WORK ORDER: Scan the records below and copy every line that contains the string "VECTOR".
BEGIN TASK MATERIAL
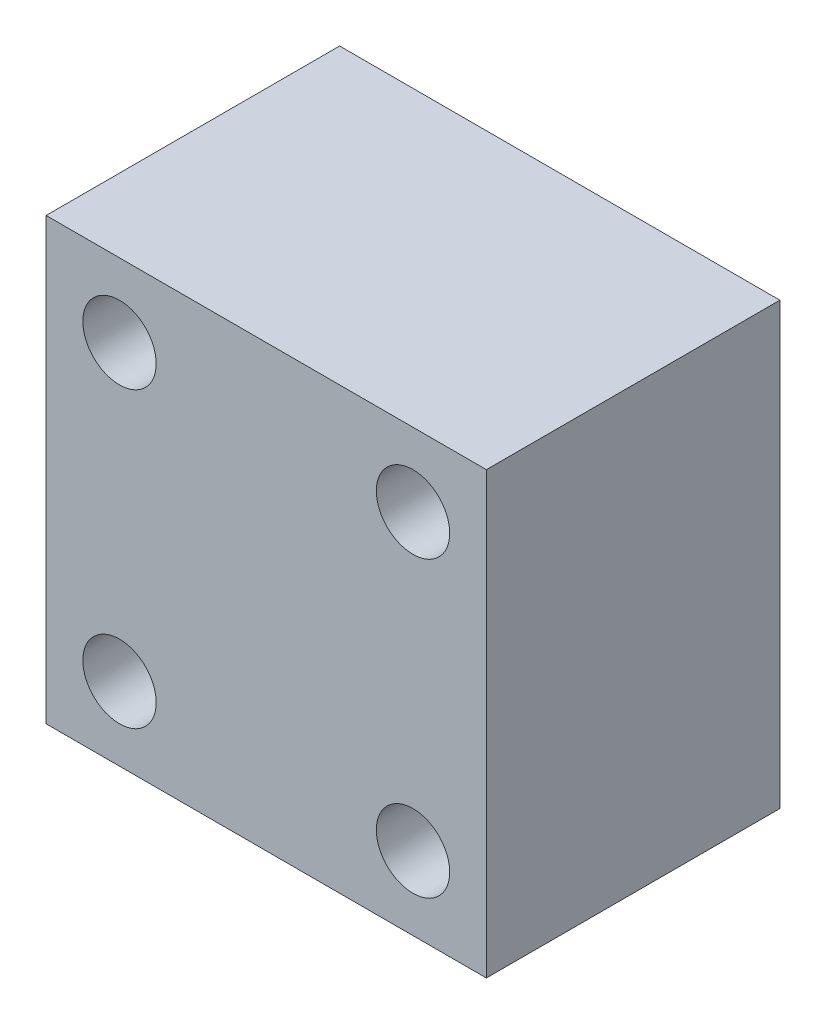
ISO-10303-21;
HEADER;
FILE_DESCRIPTION(('STEP AP214'),'2;1');
FILE_NAME('part.step','',(''),(''),'','','');
FILE_SCHEMA(('AUTOMOTIVE_DESIGN { 1 0 10303 214 1 1 1 1 }'));
ENDSEC;
DATA;
#1=APPLICATION_CONTEXT('core data for automotive mechanical design processes');
#2=APPLICATION_PROTOCOL_DEFINITION('international standard','automotive_design',2000,#1);
#3=PRODUCT_CONTEXT('',#1,'mechanical');
#4=PRODUCT('Part','Part','',(#3));
#5=PRODUCT_RELATED_PRODUCT_CATEGORY('part','',(#4));
#6=PRODUCT_DEFINITION_FORMATION('','',#4);
#7=PRODUCT_DEFINITION_CONTEXT('part definition',#1,'design');
#8=PRODUCT_DEFINITION('design','',#6,#7);
#9=PRODUCT_DEFINITION_SHAPE('','',#8);
#10=(LENGTH_UNIT() NAMED_UNIT(*) SI_UNIT(.MILLI.,.METRE.));
#11=(NAMED_UNIT(*) PLANE_ANGLE_UNIT() SI_UNIT($,.RADIAN.));
#12=(NAMED_UNIT(*) SI_UNIT($,.STERADIAN.) SOLID_ANGLE_UNIT());
#13=UNCERTAINTY_MEASURE_WITH_UNIT(LENGTH_MEASURE(1.E-05),#10,'distance_accuracy_value','');
#14=(GEOMETRIC_REPRESENTATION_CONTEXT(3) GLOBAL_UNCERTAINTY_ASSIGNED_CONTEXT((#13)) GLOBAL_UNIT_ASSIGNED_CONTEXT((#10,
#11,#12)) REPRESENTATION_CONTEXT('',''));
#15=CARTESIAN_POINT('',(0.,0.,0.));
#16=DIRECTION('',(0.,0.,1.));
#17=DIRECTION('',(1.,0.,0.));
#18=AXIS2_PLACEMENT_3D('',#15,#16,#17);
#19=CARTESIAN_POINT('',(0.,0.,40.));
#20=DIRECTION('',(0.,0.,1.));
#21=DIRECTION('',(1.,0.,0.));
#22=AXIS2_PLACEMENT_3D('',#19,#20,#21);
#23=PLANE('',#22);
#24=CARTESIAN_POINT('',(25.4980079681275,12.3505976095618,40.));
#25=DIRECTION('',(0.,0.,1.));
#26=DIRECTION('',(1.,0.,0.));
#27=AXIS2_PLACEMENT_3D('',#24,#25,#26);
#28=CIRCLE('',#27,5.);
#29=CARTESIAN_POINT('',(30.4980079681275,12.3505976095618,40.));
#30=VERTEX_POINT('',#29);
#31=EDGE_CURVE('E129',#30,#30,#28,.F.);
#32=ORIENTED_EDGE('',*,*,#31,.T.);
#33=EDGE_LOOP('',(#32));
#34=FACE_BOUND('',#33,.T.);
#35=CARTESIAN_POINT('',(-14.5019920318725,-27.6494023904383,40.));
#36=DIRECTION('',(0.,0.,1.));
#37=DIRECTION('',(1.,0.,0.));
#38=AXIS2_PLACEMENT_3D('',#35,#36,#37);
#39=CIRCLE('',#38,5.);
#40=CARTESIAN_POINT('',(-9.5019920318725,-27.6494023904383,40.));
#41=VERTEX_POINT('',#40);
#42=EDGE_CURVE('E117',#41,#41,#39,.F.);
#43=ORIENTED_EDGE('',*,*,#42,.T.);
#44=EDGE_LOOP('',(#43));
#45=FACE_BOUND('',#44,.T.);
#46=CARTESIAN_POINT('',(-14.5019920318725,12.3505976095618,40.));
#47=DIRECTION('',(0.,0.,1.));
#48=DIRECTION('',(1.,0.,0.));
#49=AXIS2_PLACEMENT_3D('',#46,#47,#48);
#50=CIRCLE('',#49,5.);
#51=CARTESIAN_POINT('',(-9.5019920318725,12.3505976095618,40.));
#52=VERTEX_POINT('',#51);
#53=EDGE_CURVE('E111',#52,#52,#50,.T.);
#54=ORIENTED_EDGE('',*,*,#53,.F.);
#55=EDGE_LOOP('',(#54));
#56=FACE_BOUND('',#55,.T.);
#57=DIRECTION('',(0.,-1.,0.));
#58=VECTOR('',#57,1.);
#59=CARTESIAN_POINT('',(-24.5019920318725,22.3505976095617,40.));
#60=LINE('',#59,#58);
#61=CARTESIAN_POINT('',(-24.5019920318725,22.3505976095617,40.));
#62=VERTEX_POINT('',#61);
#63=CARTESIAN_POINT('',(-24.5019920318725,-37.6494023904382,40.));
#64=VERTEX_POINT('',#63);
#65=EDGE_CURVE('E85',#62,#64,#60,.T.);
#66=ORIENTED_EDGE('',*,*,#65,.T.);
#67=DIRECTION('',(1.,0.,0.));
#68=VECTOR('',#67,1.);
#69=CARTESIAN_POINT('',(-24.5019920318725,-37.6494023904382,40.));
#70=LINE('',#69,#68);
#71=CARTESIAN_POINT('',(35.4980079681275,-37.6494023904382,40.));
#72=VERTEX_POINT('',#71);
#73=EDGE_CURVE('E80',#64,#72,#70,.T.);
#74=ORIENTED_EDGE('',*,*,#73,.T.);
#75=DIRECTION('',(0.,1.,0.));
#76=VECTOR('',#75,1.);
#77=CARTESIAN_POINT('',(35.4980079681275,22.3505976095617,40.));
#78=LINE('',#77,#76);
#79=CARTESIAN_POINT('',(35.4980079681275,22.3505976095617,40.));
#80=VERTEX_POINT('',#79);
#81=EDGE_CURVE('E83',#72,#80,#78,.T.);
#82=ORIENTED_EDGE('',*,*,#81,.T.);
#83=DIRECTION('',(-1.,0.,0.));
#84=VECTOR('',#83,1.);
#85=CARTESIAN_POINT('',(-24.5019920318725,22.3505976095617,40.));
#86=LINE('',#85,#84);
#87=EDGE_CURVE('E50',#80,#62,#86,.T.);
#88=ORIENTED_EDGE('',*,*,#87,.T.);
#89=EDGE_LOOP('',(#66,#74,#82,#88));
#90=FACE_BOUND('',#89,.T.);
#91=CARTESIAN_POINT('',(25.4980079681275,-27.6494023904383,40.));
#92=DIRECTION('',(0.,0.,1.));
#93=DIRECTION('',(1.,0.,0.));
#94=AXIS2_PLACEMENT_3D('',#91,#92,#93);
#95=CIRCLE('',#94,5.);
#96=CARTESIAN_POINT('',(30.4980079681275,-27.6494023904383,40.));
#97=VERTEX_POINT('',#96);
#98=EDGE_CURVE('E123',#97,#97,#95,.T.);
#99=ORIENTED_EDGE('',*,*,#98,.F.);
#100=EDGE_LOOP('',(#99));
#101=FACE_BOUND('',#100,.T.);
#102=ADVANCED_FACE('F33',(#34,#45,#56,#90,#101),#23,.T.);
#103=CARTESIAN_POINT('',(-24.5019920318725,22.3505976095617,40.));
#104=DIRECTION('',(1.,0.,0.));
#105=DIRECTION('',(0.,0.,-1.));
#106=AXIS2_PLACEMENT_3D('',#103,#104,#105);
#107=PLANE('',#106);
#108=DIRECTION('',(0.,-1.,0.));
#109=VECTOR('',#108,1.);
#110=CARTESIAN_POINT('',(-24.5019920318725,22.3505976095617,0.));
#111=LINE('',#110,#109);
#112=CARTESIAN_POINT('',(-24.5019920318725,22.3505976095617,0.));
#113=VERTEX_POINT('',#112);
#114=CARTESIAN_POINT('',(-24.5019920318725,-37.6494023904382,0.));
#115=VERTEX_POINT('',#114);
#116=EDGE_CURVE('E97',#113,#115,#111,.T.);
#117=ORIENTED_EDGE('',*,*,#116,.T.);
#118=DIRECTION('',(0.,0.,-1.));
#119=VECTOR('',#118,1.);
#120=CARTESIAN_POINT('',(-24.5019920318725,-37.6494023904382,40.));
#121=LINE('',#120,#119);
#122=EDGE_CURVE('E11',#64,#115,#121,.T.);
#123=ORIENTED_EDGE('',*,*,#122,.F.);
#124=ORIENTED_EDGE('',*,*,#65,.F.);
#125=DIRECTION('',(0.,0.,-1.));
#126=VECTOR('',#125,1.);
#127=CARTESIAN_POINT('',(-24.5019920318725,22.3505976095617,40.));
#128=LINE('',#127,#126);
#129=EDGE_CURVE('E93',#62,#113,#128,.T.);
#130=ORIENTED_EDGE('',*,*,#129,.T.);
#131=EDGE_LOOP('',(#117,#123,#124,#130));
#132=FACE_BOUND('',#131,.T.);
#133=ADVANCED_FACE('F35',(#132),#107,.F.);
#134=CARTESIAN_POINT('',(-24.5019920318725,-37.6494023904382,40.));
#135=DIRECTION('',(0.,1.,0.));
#136=DIRECTION('',(0.,0.,1.));
#137=AXIS2_PLACEMENT_3D('',#134,#135,#136);
#138=PLANE('',#137);
#139=DIRECTION('',(1.,0.,0.));
#140=VECTOR('',#139,1.);
#141=CARTESIAN_POINT('',(-24.5019920318725,-37.6494023904382,0.));
#142=LINE('',#141,#140);
#143=CARTESIAN_POINT('',(35.4980079681275,-37.6494023904382,0.));
#144=VERTEX_POINT('',#143);
#145=EDGE_CURVE('E89',#115,#144,#142,.T.);
#146=ORIENTED_EDGE('',*,*,#145,.T.);
#147=DIRECTION('',(0.,0.,-1.));
#148=VECTOR('',#147,1.);
#149=CARTESIAN_POINT('',(35.4980079681275,-37.6494023904382,40.));
#150=LINE('',#149,#148);
#151=EDGE_CURVE('E42',#72,#144,#150,.T.);
#152=ORIENTED_EDGE('',*,*,#151,.F.);
#153=ORIENTED_EDGE('',*,*,#73,.F.);
#154=ORIENTED_EDGE('',*,*,#122,.T.);
#155=EDGE_LOOP('',(#146,#152,#153,#154));
#156=FACE_BOUND('',#155,.T.);
#157=ADVANCED_FACE('F88',(#156),#138,.F.);
#158=CARTESIAN_POINT('',(35.4980079681275,22.3505976095617,40.));
#159=DIRECTION('',(-1.,0.,0.));
#160=DIRECTION('',(0.,-1.,0.));
#161=AXIS2_PLACEMENT_3D('',#158,#159,#160);
#162=PLANE('',#161);
#163=DIRECTION('',(0.,1.,0.));
#164=VECTOR('',#163,1.);
#165=CARTESIAN_POINT('',(35.4980079681275,22.3505976095617,0.));
#166=LINE('',#165,#164);
#167=CARTESIAN_POINT('',(35.4980079681275,22.3505976095617,0.));
#168=VERTEX_POINT('',#167);
#169=EDGE_CURVE('E67',#144,#168,#166,.T.);
#170=ORIENTED_EDGE('',*,*,#169,.T.);
#171=DIRECTION('',(0.,0.,-1.));
#172=VECTOR('',#171,1.);
#173=CARTESIAN_POINT('',(35.4980079681275,22.3505976095617,40.));
#174=LINE('',#173,#172);
#175=EDGE_CURVE('E90',#80,#168,#174,.T.);
#176=ORIENTED_EDGE('',*,*,#175,.F.);
#177=ORIENTED_EDGE('',*,*,#81,.F.);
#178=ORIENTED_EDGE('',*,*,#151,.T.);
#179=EDGE_LOOP('',(#170,#176,#177,#178));
#180=FACE_BOUND('',#179,.T.);
#181=ADVANCED_FACE('F91',(#180),#162,.F.);
#182=CARTESIAN_POINT('',(-24.5019920318725,22.3505976095617,40.));
#183=DIRECTION('',(0.,-1.,0.));
#184=DIRECTION('',(0.,0.,-1.));
#185=AXIS2_PLACEMENT_3D('',#182,#183,#184);
#186=PLANE('',#185);
#187=DIRECTION('',(-1.,0.,0.));
#188=VECTOR('',#187,1.);
#189=CARTESIAN_POINT('',(-24.5019920318725,22.3505976095617,0.));
#190=LINE('',#189,#188);
#191=EDGE_CURVE('E73',#168,#113,#190,.T.);
#192=ORIENTED_EDGE('',*,*,#191,.T.);
#193=ORIENTED_EDGE('',*,*,#129,.F.);
#194=ORIENTED_EDGE('',*,*,#87,.F.);
#195=ORIENTED_EDGE('',*,*,#175,.T.);
#196=EDGE_LOOP('',(#192,#193,#194,#195));
#197=FACE_BOUND('',#196,.T.);
#198=ADVANCED_FACE('F105',(#197),#186,.F.);
#199=CARTESIAN_POINT('',(0.,0.,0.));
#200=DIRECTION('',(0.,0.,1.));
#201=DIRECTION('',(1.,0.,0.));
#202=AXIS2_PLACEMENT_3D('',#199,#200,#201);
#203=PLANE('',#202);
#204=ORIENTED_EDGE('',*,*,#116,.F.);
#205=ORIENTED_EDGE('',*,*,#191,.F.);
#206=ORIENTED_EDGE('',*,*,#169,.F.);
#207=ORIENTED_EDGE('',*,*,#145,.F.);
#208=EDGE_LOOP('',(#204,#205,#206,#207));
#209=FACE_BOUND('',#208,.T.);
#210=ADVANCED_FACE('F108',(#209),#203,.F.);
#211=CARTESIAN_POINT('',(-14.5019920318725,12.3505976095618,20.));
#212=DIRECTION('',(0.,0.,1.));
#213=DIRECTION('',(1.,0.,0.));
#214=AXIS2_PLACEMENT_3D('',#211,#212,#213);
#215=CYLINDRICAL_SURFACE('',#214,5.);
#216=CARTESIAN_POINT('',(-14.5019920318725,12.3505976095618,20.));
#217=DIRECTION('',(0.,0.,1.));
#218=DIRECTION('',(1.,0.,0.));
#219=AXIS2_PLACEMENT_3D('',#216,#217,#218);
#220=CIRCLE('',#219,5.);
#221=CARTESIAN_POINT('',(-9.5019920318725,12.3505976095618,20.));
#222=VERTEX_POINT('',#221);
#223=EDGE_CURVE('E100',#222,#222,#220,.T.);
#224=ORIENTED_EDGE('',*,*,#223,.F.);
#225=EDGE_LOOP('',(#224));
#226=FACE_BOUND('',#225,.T.);
#227=ORIENTED_EDGE('',*,*,#53,.T.);
#228=EDGE_LOOP('',(#227));
#229=FACE_BOUND('',#228,.T.);
#230=ADVANCED_FACE('F155',(#226,#229),#215,.F.);
#231=CARTESIAN_POINT('',(0.,0.,20.));
#232=DIRECTION('',(0.,0.,1.));
#233=DIRECTION('',(1.,0.,0.));
#234=AXIS2_PLACEMENT_3D('',#231,#232,#233);
#235=PLANE('',#234);
#236=ORIENTED_EDGE('',*,*,#223,.T.);
#237=EDGE_LOOP('',(#236));
#238=FACE_BOUND('',#237,.T.);
#239=ADVANCED_FACE('F185',(#238),#235,.T.);
#240=CARTESIAN_POINT('',(-14.5019920318725,-27.6494023904383,20.));
#241=DIRECTION('',(0.,0.,1.));
#242=DIRECTION('',(1.,0.,0.));
#243=AXIS2_PLACEMENT_3D('',#240,#241,#242);
#244=CYLINDRICAL_SURFACE('',#243,5.);
#245=CARTESIAN_POINT('',(-14.5019920318725,-27.6494023904383,20.));
#246=DIRECTION('',(0.,0.,1.));
#247=DIRECTION('',(1.,0.,0.));
#248=AXIS2_PLACEMENT_3D('',#245,#246,#247);
#249=CIRCLE('',#248,5.);
#250=CARTESIAN_POINT('',(-9.5019920318725,-27.6494023904383,20.));
#251=VERTEX_POINT('',#250);
#252=EDGE_CURVE('E120',#251,#251,#249,.F.);
#253=ORIENTED_EDGE('',*,*,#252,.T.);
#254=EDGE_LOOP('',(#253));
#255=FACE_BOUND('',#254,.T.);
#256=ORIENTED_EDGE('',*,*,#42,.F.);
#257=EDGE_LOOP('',(#256));
#258=FACE_BOUND('',#257,.T.);
#259=ADVANCED_FACE('F192',(#255,#258),#244,.F.);
#260=CARTESIAN_POINT('',(0.,0.,20.));
#261=DIRECTION('',(0.,0.,1.));
#262=DIRECTION('',(1.,0.,0.));
#263=AXIS2_PLACEMENT_3D('',#260,#261,#262);
#264=PLANE('',#263);
#265=ORIENTED_EDGE('',*,*,#252,.F.);
#266=EDGE_LOOP('',(#265));
#267=FACE_BOUND('',#266,.T.);
#268=ADVANCED_FACE('F199',(#267),#264,.T.);
#269=CARTESIAN_POINT('',(25.4980079681275,-27.6494023904383,20.));
#270=DIRECTION('',(0.,0.,1.));
#271=DIRECTION('',(1.,0.,0.));
#272=AXIS2_PLACEMENT_3D('',#269,#270,#271);
#273=CYLINDRICAL_SURFACE('',#272,5.);
#274=CARTESIAN_POINT('',(25.4980079681275,-27.6494023904383,20.));
#275=DIRECTION('',(0.,0.,1.));
#276=DIRECTION('',(1.,0.,0.));
#277=AXIS2_PLACEMENT_3D('',#274,#275,#276);
#278=CIRCLE('',#277,5.);
#279=CARTESIAN_POINT('',(30.4980079681275,-27.6494023904383,20.));
#280=VERTEX_POINT('',#279);
#281=EDGE_CURVE('E126',#280,#280,#278,.T.);
#282=ORIENTED_EDGE('',*,*,#281,.F.);
#283=EDGE_LOOP('',(#282));
#284=FACE_BOUND('',#283,.T.);
#285=ORIENTED_EDGE('',*,*,#98,.T.);
#286=EDGE_LOOP('',(#285));
#287=FACE_BOUND('',#286,.T.);
#288=ADVANCED_FACE('F207',(#284,#287),#273,.F.);
#289=CARTESIAN_POINT('',(0.,0.,20.));
#290=DIRECTION('',(0.,0.,1.));
#291=DIRECTION('',(1.,0.,0.));
#292=AXIS2_PLACEMENT_3D('',#289,#290,#291);
#293=PLANE('',#292);
#294=ORIENTED_EDGE('',*,*,#281,.T.);
#295=EDGE_LOOP('',(#294));
#296=FACE_BOUND('',#295,.T.);
#297=ADVANCED_FACE('F144',(#296),#293,.T.);
#298=CARTESIAN_POINT('',(25.4980079681275,12.3505976095618,20.));
#299=DIRECTION('',(0.,0.,1.));
#300=DIRECTION('',(1.,0.,0.));
#301=AXIS2_PLACEMENT_3D('',#298,#299,#300);
#302=CYLINDRICAL_SURFACE('',#301,5.);
#303=CARTESIAN_POINT('',(25.4980079681275,12.3505976095618,20.));
#304=DIRECTION('',(0.,0.,1.));
#305=DIRECTION('',(1.,0.,0.));
#306=AXIS2_PLACEMENT_3D('',#303,#304,#305);
#307=CIRCLE('',#306,5.);
#308=CARTESIAN_POINT('',(30.4980079681275,12.3505976095618,20.));
#309=VERTEX_POINT('',#308);
#310=EDGE_CURVE('E114',#309,#309,#307,.F.);
#311=ORIENTED_EDGE('',*,*,#310,.T.);
#312=EDGE_LOOP('',(#311));
#313=FACE_BOUND('',#312,.T.);
#314=ORIENTED_EDGE('',*,*,#31,.F.);
#315=EDGE_LOOP('',(#314));
#316=FACE_BOUND('',#315,.T.);
#317=ADVANCED_FACE('F135',(#313,#316),#302,.F.);
#318=CARTESIAN_POINT('',(0.,0.,20.));
#319=DIRECTION('',(0.,0.,1.));
#320=DIRECTION('',(1.,0.,0.));
#321=AXIS2_PLACEMENT_3D('',#318,#319,#320);
#322=PLANE('',#321);
#323=ORIENTED_EDGE('',*,*,#310,.F.);
#324=EDGE_LOOP('',(#323));
#325=FACE_BOUND('',#324,.T.);
#326=ADVANCED_FACE('F138',(#325),#322,.T.);
#327=CLOSED_SHELL('',(#102,#133,#157,#181,#198,#210,#230,#239,#259,#268,#288,#297,#317,#326));
#328=MANIFOLD_SOLID_BREP('B2',#327);
#329=ADVANCED_BREP_SHAPE_REPRESENTATION('',(#18,#328),#14);
#330=SHAPE_DEFINITION_REPRESENTATION(#9,#329);
ENDSEC;
END-ISO-10303-21;
END TASK MATERIAL
SOLVED EXERCISE:
#58=VECTOR('',#57,1.);
#68=VECTOR('',#67,1.);
#76=VECTOR('',#75,1.);
#84=VECTOR('',#83,1.);
#109=VECTOR('',#108,1.);
#119=VECTOR('',#118,1.);
#126=VECTOR('',#125,1.);
#140=VECTOR('',#139,1.);
#148=VECTOR('',#147,1.);
#164=VECTOR('',#163,1.);
#172=VECTOR('',#171,1.);
#188=VECTOR('',#187,1.);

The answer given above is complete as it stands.